反倒是当事人的长孙晟好像个无事人一般,静静地听完杨广和太医的对话。杨广把太医赶出去之后他才出声:“陛下…臣下活得已经够长了…陛下爱臣之心臣永生铭记!……无忌,先带你妹妹出去……我和陛下说些事……”
长孙无忌带着不舍的妹妹出去了。
“陛下!”长孙晟又想下跪,杨广连忙扶住他,可奈何不得他心意坚定只好扶他跪下。
“陛下!臣知道陛下想伐突厥…可是臣请陛下三思啊!臣知道陛下一定是觉得讨伐突厥以大隋之力定可胜任……”
“长孙将军……”
“陛下请让臣下说完……臣死而瞑目……”
“好,你说吧。朕听着。”杨广看着发丝鬓白的长孙晟,叹了口气。
“谢陛下!”长孙晟勉力叩了个头,缓了口气,“臣也知道,陛下派出了李靖去草原…并得了些成果。只是这只是突厥人没有反应过来罢了……”
“陛下还记得…让臣领奏察院一事么?”
“记得。你不是说想要对付北方的吗。”
“是的…陛下…”长孙晟费力地说道。“臣常年居于塞外……知道他们的风俗,他们最是敬重畜医、商队、番僧……臣训练的人手也是多以此为主,来回走访各部族……获取消息……描画地图……
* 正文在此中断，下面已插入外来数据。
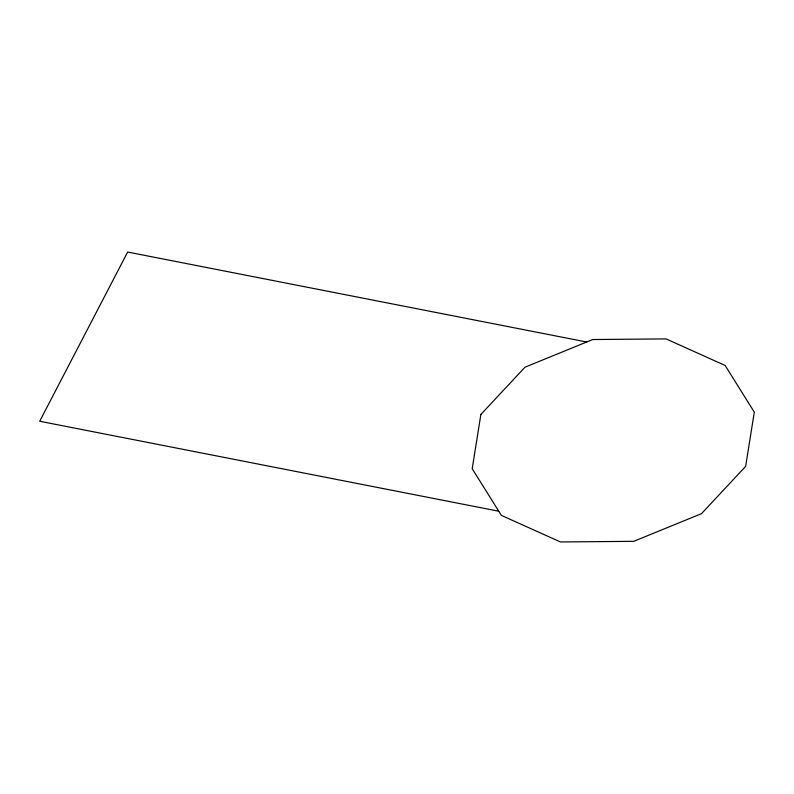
<?xml version="1.0" encoding="UTF-8"?>
<svg xmlns="http://www.w3.org/2000/svg" width="794" height="794" viewBox="0 0 794 794"><rect width="100%" height="100%" fill="white"/><g stroke="black" fill="none" stroke-linecap="round" stroke-linejoin="round"><path stroke-width="1.19" d="M586.716 342.006L127.665 252.045L39.7 421.257L498.751 511.217M480.866 414.488L472.212 468.728L501.351 515.385L560.475 541.955L633.741 541.329L701.519 513.658L745.645 466.376L754.3 412.136L725.16 365.478L666.037 338.899L592.761 339.534L524.983 367.195L480.866 414.488"/></g></svg>

现在已知的突厥兵力,陛下若是想灭之而后快……必遣百万人方可,少于百万……势不可为……
陛下修了大渠(也就是大运河)……又修了长城……民力已尽,若往而伐之……必是民心向背,怕是江山不保啊!陛下啊……”
“卿家慢说,卿家慢说,朕必不会置之耳外……”杨广怕他哀愤过度,温声道。
可能是人之将死,其言也善,长孙晟也不忌讳什么该说不该说了,给杨广把北伐之事细细地分析了个通透。毕竟若是百万人的军事行动,单单是后勤就是个问题,这么一仗打下来,隋朝元气大伤是必然的。
“若是朕遣兵不过五万呢?骑兵,以袭扰为主。那会如何?”杨广问道。
“怕是也难!……辎重…辎重难以为继……”
“就食于地呢?”
“嗯…陛下有了他们的地图…倒是可以就食于地,可胡人交战,多以弓箭之利……”长孙晟最担心的就是辎重,无论是一百万人还是一万人、五万人。想想李陵三千人跟草原人交战一天就能消耗五万支箭就知道后勤的压力有多大了。李陵也是因为最后辎重用尽,被围困后被迫投降的,前车之鉴。一个帝国的崩溃,只要是有良心的人都不愿意看到,这不是爱国与否的问题。主要是不希望看到一个庞然大物轰然倒地,砸到无辜的百姓。百姓无论是谁来统治,还不是要被压迫,你只要不是肆无忌惮把他们往死里赶,他们才不会想要再立一个天子出来重新压迫自己——比较轻一点的压迫。